Things That Shift - like priorities.
Sometimes all of the things you thought were important, really aren't. I had a list of 37 billion things to do this morning. I had an hour and a half of waiting on a certain Irish dancer to compile my lists and get organized.
But then I saw it. And at this point, it's gone beyond "I should do this." And even past "I NEED to do this." Right up to the point of "I'm doing it. Now." With the last $30 I borrowed (before my big juicy fire check), with hands covered in green paint and a smashed finger. With the list of things I need to do squished back in my brain behind the Importance Of Remembering.
Next December is 20 years from when a sweet and innocent 16 year old left us. For no other reason than it was Her Time. Through no act of malice. No drunken foolishness. No thoughtless risk. Just... Accidentally. Like Junha. It just happened. In spite of all of our protests and anger and sadness and debilitating grief - Erin Christine Hoops, 16 and beautiful, giggly, intelligent... She left us.
I was pregnant with Halle when the accident happened. The next year, I had a little red headed blue eyed girl and I named her MacKenzie Erin, because it was beautiful, like her. And to remember how short life is. How fleeting.
Almost 20 years later and every time I come to that intersection I remember. And it makes me think. My MacKenzie Erin is 17 now. I have been able to have her for a year more than Chris and Gail had their Erin. Things aren't perfect. She's not perfect. But she's here. And she's beautiful. And we can sort through the imperfect, as long as she is here. Which is more than enough reason to stop. To set aside my list. To get my hands green and smash my finger. To remember.
We only have the days that god gives us. And all we can do is our best. And when our best sucks, or wears down, we get to get up and do it again.

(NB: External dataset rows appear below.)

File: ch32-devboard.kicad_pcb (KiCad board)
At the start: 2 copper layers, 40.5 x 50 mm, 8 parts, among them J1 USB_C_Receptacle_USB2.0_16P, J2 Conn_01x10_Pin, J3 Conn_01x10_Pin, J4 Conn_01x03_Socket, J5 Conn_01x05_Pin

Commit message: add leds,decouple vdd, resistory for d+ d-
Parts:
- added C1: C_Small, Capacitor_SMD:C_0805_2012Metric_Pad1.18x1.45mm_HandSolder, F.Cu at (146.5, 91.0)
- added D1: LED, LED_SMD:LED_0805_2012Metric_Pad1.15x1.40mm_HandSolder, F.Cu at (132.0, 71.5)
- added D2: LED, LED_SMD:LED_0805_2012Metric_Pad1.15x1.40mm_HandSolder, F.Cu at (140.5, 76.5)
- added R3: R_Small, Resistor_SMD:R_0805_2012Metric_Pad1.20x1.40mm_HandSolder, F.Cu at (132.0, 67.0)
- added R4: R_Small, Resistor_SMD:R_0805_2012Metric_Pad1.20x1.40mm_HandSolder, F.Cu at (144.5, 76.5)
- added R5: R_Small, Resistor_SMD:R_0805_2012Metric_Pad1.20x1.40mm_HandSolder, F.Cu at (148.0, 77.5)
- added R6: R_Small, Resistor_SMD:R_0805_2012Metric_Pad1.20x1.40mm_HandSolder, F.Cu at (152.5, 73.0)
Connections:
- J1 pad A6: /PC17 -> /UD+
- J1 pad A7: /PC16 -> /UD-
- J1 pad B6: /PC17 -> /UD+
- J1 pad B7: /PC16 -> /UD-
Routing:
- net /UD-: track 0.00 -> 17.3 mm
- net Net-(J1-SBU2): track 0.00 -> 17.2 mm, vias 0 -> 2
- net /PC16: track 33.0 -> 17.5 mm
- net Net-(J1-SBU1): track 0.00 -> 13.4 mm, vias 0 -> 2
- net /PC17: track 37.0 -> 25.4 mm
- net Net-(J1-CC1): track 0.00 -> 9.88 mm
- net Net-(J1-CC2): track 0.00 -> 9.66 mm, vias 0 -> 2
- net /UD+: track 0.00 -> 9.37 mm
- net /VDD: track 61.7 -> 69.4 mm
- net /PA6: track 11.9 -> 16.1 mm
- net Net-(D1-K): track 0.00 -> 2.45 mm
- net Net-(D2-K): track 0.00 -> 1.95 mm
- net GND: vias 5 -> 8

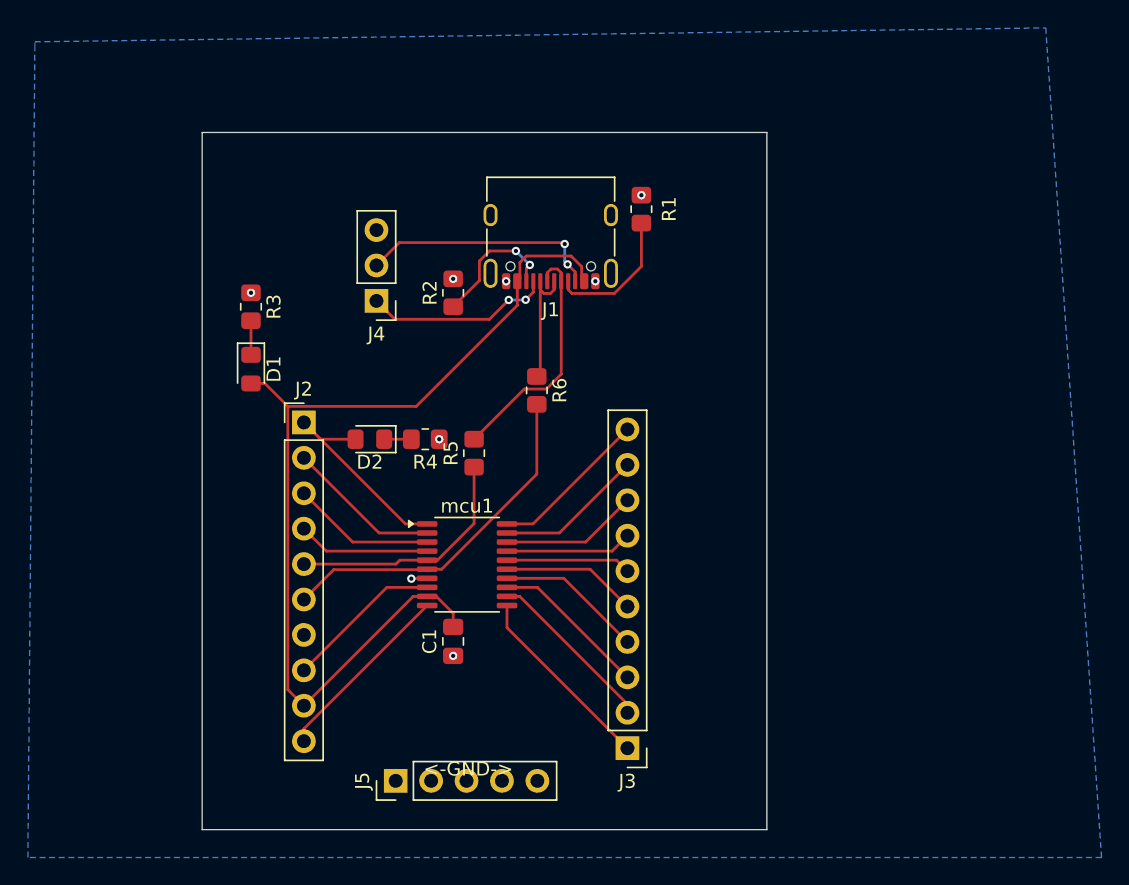
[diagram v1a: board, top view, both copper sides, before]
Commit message: complete with ch32x033
no proper button footprint
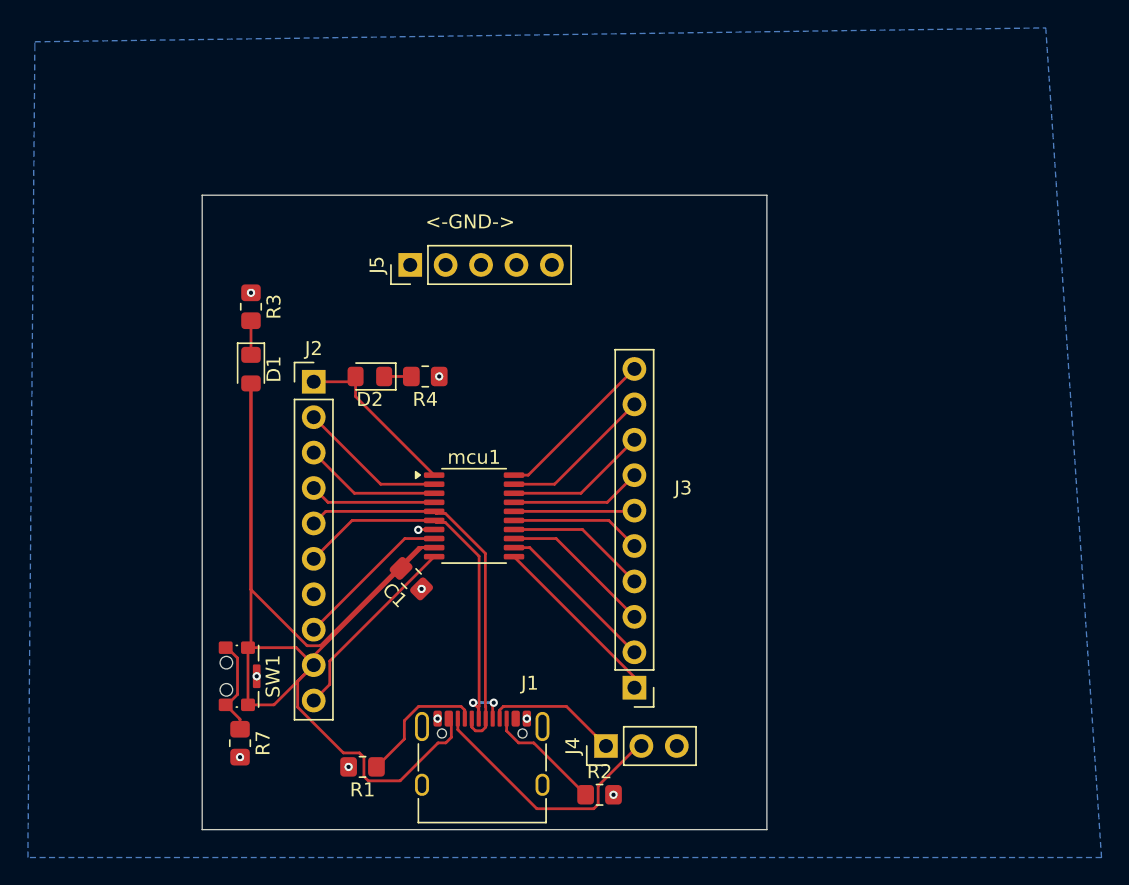
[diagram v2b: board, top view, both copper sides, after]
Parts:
- removed R5, R6: R_Small, Resistor_SMD:R_0805_2012Metric_Pad1.20x1.40mm_HandSolder
- added R7: R, Resistor_SMD:R_0805_2012Metric_Pad1.20x1.40mm_HandSolder, F.Cu at (131.2, 98.3)
- added SW1: CK_KMS2xxG, Button_Switch_SMD:SW_SPST_CK_KMS2xxGP, F.Cu at (131.0, 93.5)
- moved R1 44.7 mm to (140.0, 100.0), turned to 180 degrees
- moved J1 39.0 mm to (148.6, 100.2), turned to 0 degrees
- moved R2 37.5 mm to (157.0, 102.0), turned to 0 degrees
- moved J5 37.0 mm to (143.4, 64.0)
- moved J4 35.9 mm to (157.5, 98.5), turned to 90 degrees
- moved C1 5.41 mm to (143.5, 86.5), turned to 135 degrees
- moved D2 4.50 mm to (140.5, 72.0)
- moved R4 4.50 mm to (144.5, 72.0)
- moved J3 4.37 mm to (159.5, 94.3)
- moved mcu1 3.54 mm to (148.0, 82.0)
- moved J2 3.00 mm to (136.5, 72.4)
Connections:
- J1 pad A6: /UD+ -> /PC17
- J1 pad A7: /UD- -> /PC16
- J1 pad B6: /UD+ -> /PC17
- J1 pad B7: /UD- -> /PC16
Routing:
- net /VDD: track 69.4 -> 99.5 mm
- net /UD-: track 17.3 -> 0.00 mm
- net /PC16: track 17.5 -> 28.2 mm
- net /UD+: track 9.37 -> 0.00 mm
- net Net-(R7-Pad1): track 0.00 -> 7.11 mm
- net /PC17: track 25.4 -> 29.7 mm, vias 0 -> 2
- net /PA6: track 16.1 -> 12.0 mm
- net Net-(J1-SBU1): track 13.4 -> 9.52 mm, vias 2 -> 0
- net Net-(J1-SBU2): track 17.2 -> 18.7 mm, vias 2 -> 0
- net Net-(J1-CC2): track 9.66 -> 8.44 mm, vias 2 -> 0
- net /PA11: track 13.8 -> 13.0 mm
- net /PA10: track 12.5 -> 11.7 mm
- net /PA9: track 13.4 -> 13.9 mm
- net GND: vias 8 -> 10
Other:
- board size 40.5 x 50 mm -> 40.5 x 45.5 mm

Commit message: add ldo, change button footprint, reroute and compact, label pins
give value to resistors and capacitors, remove series resistor from usb line, correct reset button pullup resistor from pulldown
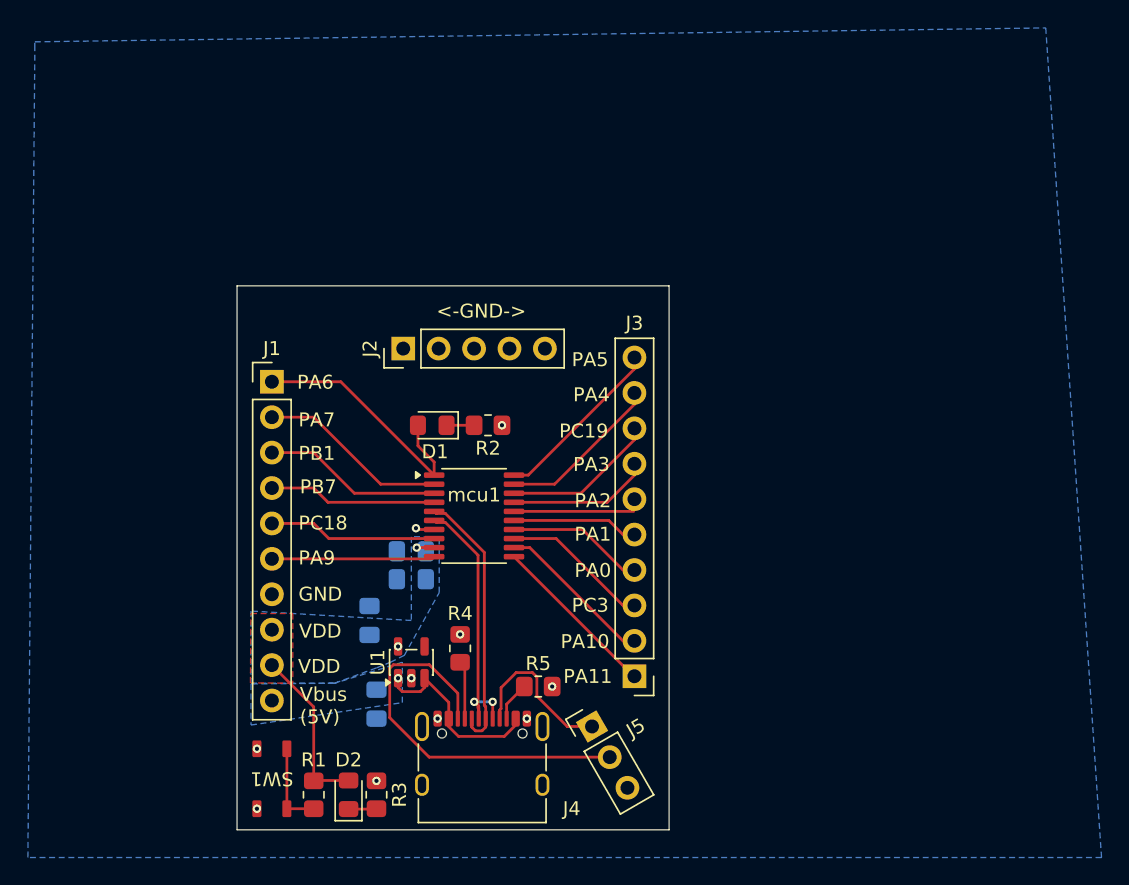
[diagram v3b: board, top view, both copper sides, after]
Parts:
- removed the R1 at (140.0, 100.0)
- added C1: 0.1uF, Capacitor_SMD:C_0805_2012Metric_Pad1.18x1.45mm_HandSolder, B.Cu at (143.5, 84.5)
- added C3: 4.7uF, Capacitor_SMD:C_0805_2012Metric_Pad1.18x1.45mm_HandSolder, B.Cu at (140.5, 89.5)
- added C4: 4.7uF, Capacitor_SMD:C_0805_2012Metric_Pad1.18x1.45mm_HandSolder, B.Cu at (141.0, 95.5)
- added R4: 5.1k, Resistor_SMD:R_0805_2012Metric_Pad1.20x1.40mm_HandSolder, F.Cu at (147.0, 91.5)
- added U1: AP2112K-3.3, Package_TO_SOT_SMD:SOT-23-5, F.Cu at (143.5, 92.5)
- C2: renamed from C1; value C_Small -> 1uF; moved to B.Cu
- R1: renamed from R7; value R -> 10k
- R2: renamed from R4; value R_Small -> 1k
- R3: value R_Small -> 1k
- R5: renamed from R2; value R_Small -> 5.1k
- SW1: footprint Button_Switch_SMD:SW_SPST_CK_KMS2xxGP -> CH32-devBoard:smd-push-button-TS3425PA
- moved R3 36.1 mm to (141.0, 102.0)
- moved D2 31.3 mm to (139.0, 102.0), turned to 90 degrees
- moved R5 8.92 mm to (152.6, 94.2)
- moved SW1 7.77 mm to (133.5, 100.8), turned to 180 degrees
- moved R1 6.45 mm to (136.5, 102.0), turned to 90 degrees
- moved J2 6.02 mm to (142.9, 70.0)
- moved R2 5.70 mm to (149.0, 75.5)
- moved D1 5.68 mm to (145.0, 75.5)
- moved J1 3.00 mm to (133.5, 72.4)
- moved J5 1.72 mm to (156.5, 97.1), turned to 30 degrees
- moved J3 0.82 mm to (159.5, 93.5)
- turned C2 to 0 degrees
- renumbered D2 to D1, D1 to D2, J2 to J1, J5 to J2, J1 to J4, J4 to J5
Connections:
- J1 pad 10: /PA9 -> /Vbus
- J1 pad 5: /PC16 -> /PC18
- J1 pad 6: /PC17 -> /PA9
- J1 pad 8: /PC18 -> /VDD
- J4 pad A4: /VDD -> /Vbus
- J4 pad A6: /PC17 -> /UD+
- J4 pad A7: /PC16 -> /UD-
- J4 pad A9: /VDD -> /Vbus
- J4 pad B4: /VDD -> /Vbus
- J4 pad B6: /PC17 -> /UD+
- J4 pad B7: /PC16 -> /UD-
- J4 pad B9: /VDD -> /Vbus
- R1 pad 1: Net-(R7-Pad1) -> Net-(R1-Pad1)
- R1 pad 2: GND -> /VDD
- SW1 pad 1: /VDD -> Net-(R1-Pad1)
- SW1 pad 2: Net-(R7-Pad1) -> GND
- mcu1 pad 5: /PC16 -> /UD-
- mcu1 pad 6: /PC17 -> /UD+
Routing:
- net /VDD: track 99.5 -> 14.4 mm, vias 0 -> 2
- net /PC17: track 29.7 -> 0.00 mm, vias 2 -> 0
- net /PC16: track 28.2 -> 0.00 mm
- net /UD+: track 0.00 -> 19.8 mm, vias 0 -> 2
- net /UD-: track 0.00 -> 19.2 mm
- net /Vbus: track 0.00 -> 13.1 mm, vias 0 -> 1
- net Net-(J4-SBU2): track 18.7 -> 28.1 mm
- net Net-(R7-Pad1): track 7.11 -> 0.00 mm
- net /PA6: track 12.0 -> 18.5 mm
- net Net-(R1-Pad1): track 0.00 -> 6.23 mm
- net Net-(J4-CC2): track 8.44 -> 2.83 mm
- net Net-(J4-CC1): track 9.62 -> 4.18 mm
- net /PB7: track 9.06 -> 12.1 mm
- net /PB1: track 9.84 -> 12.8 mm
- net /PA7: track 10.6 -> 13.6 mm
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- added copper zone on B.Cu, net /VDD
- added copper zone on F.Cu, net /VDD
- added copper zone on B.Cu, net /Vbus
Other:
- board size 40.5 x 45.5 mm -> 31 x 39 mm
- board text added: "Designed in: Param Makers Adda"
- board text added: "GND"
- board text added: "PA0"
- board text added: "PA1"
- board text added: "PA10"
- board text added: "PA11"
- board text added: "PA2"
- board text added: "PA3"
- board text added: "PA4"
- board text added: "PA5"
- board text added: "PA6"
- board text added: "PA7"
- board text added: "PA9"
- board text added: "PB1"
- board text added: "PB7"
- board text added: "PC18"
- board text added: "PC19"
- board text added: "PC3"
- board text added: "VDD"
- board text added: "Vbus (5V)"
- board text added: "license: CERN-OHL-W V2.0"

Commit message: clean Vdd fill
add license notice in pcb routing page, genarate routing PDF with border
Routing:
- net /VDD: track 14.4 -> 47.2 mm
- net /Vbus: track 13.1 -> 22.8 mm
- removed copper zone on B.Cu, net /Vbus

Put on a fresh coat of paint. Green and alive and reminding.
And when it's all done, suddenly the things that seemed So Important, and big enough to sink me, are really not. Not the list of things for the marriage counselor. Or groceries for the kids when I leave for my next fire. Or Radar's long overdue puppy shots. It's all easy cheese, really. Compared to Forever. And No More. And The End.
I drive through Kettle Falls a couple times a week, and every time I think of her. I'm sure I'm not the only one. And it seemed important that Someone Knew that that Green Cross on the corner still matters. It still teaches and reminds, just like Erin Christine does, that we have A Whole Lot to be thankful for, and we'd better quit wasting time.
PS - my haphazard (as per usual) paint job is not enough to salvage the brittle plywood for long. I'd like to find somebody with better resources than me to help me with a more long term fix... If anyone has ideas?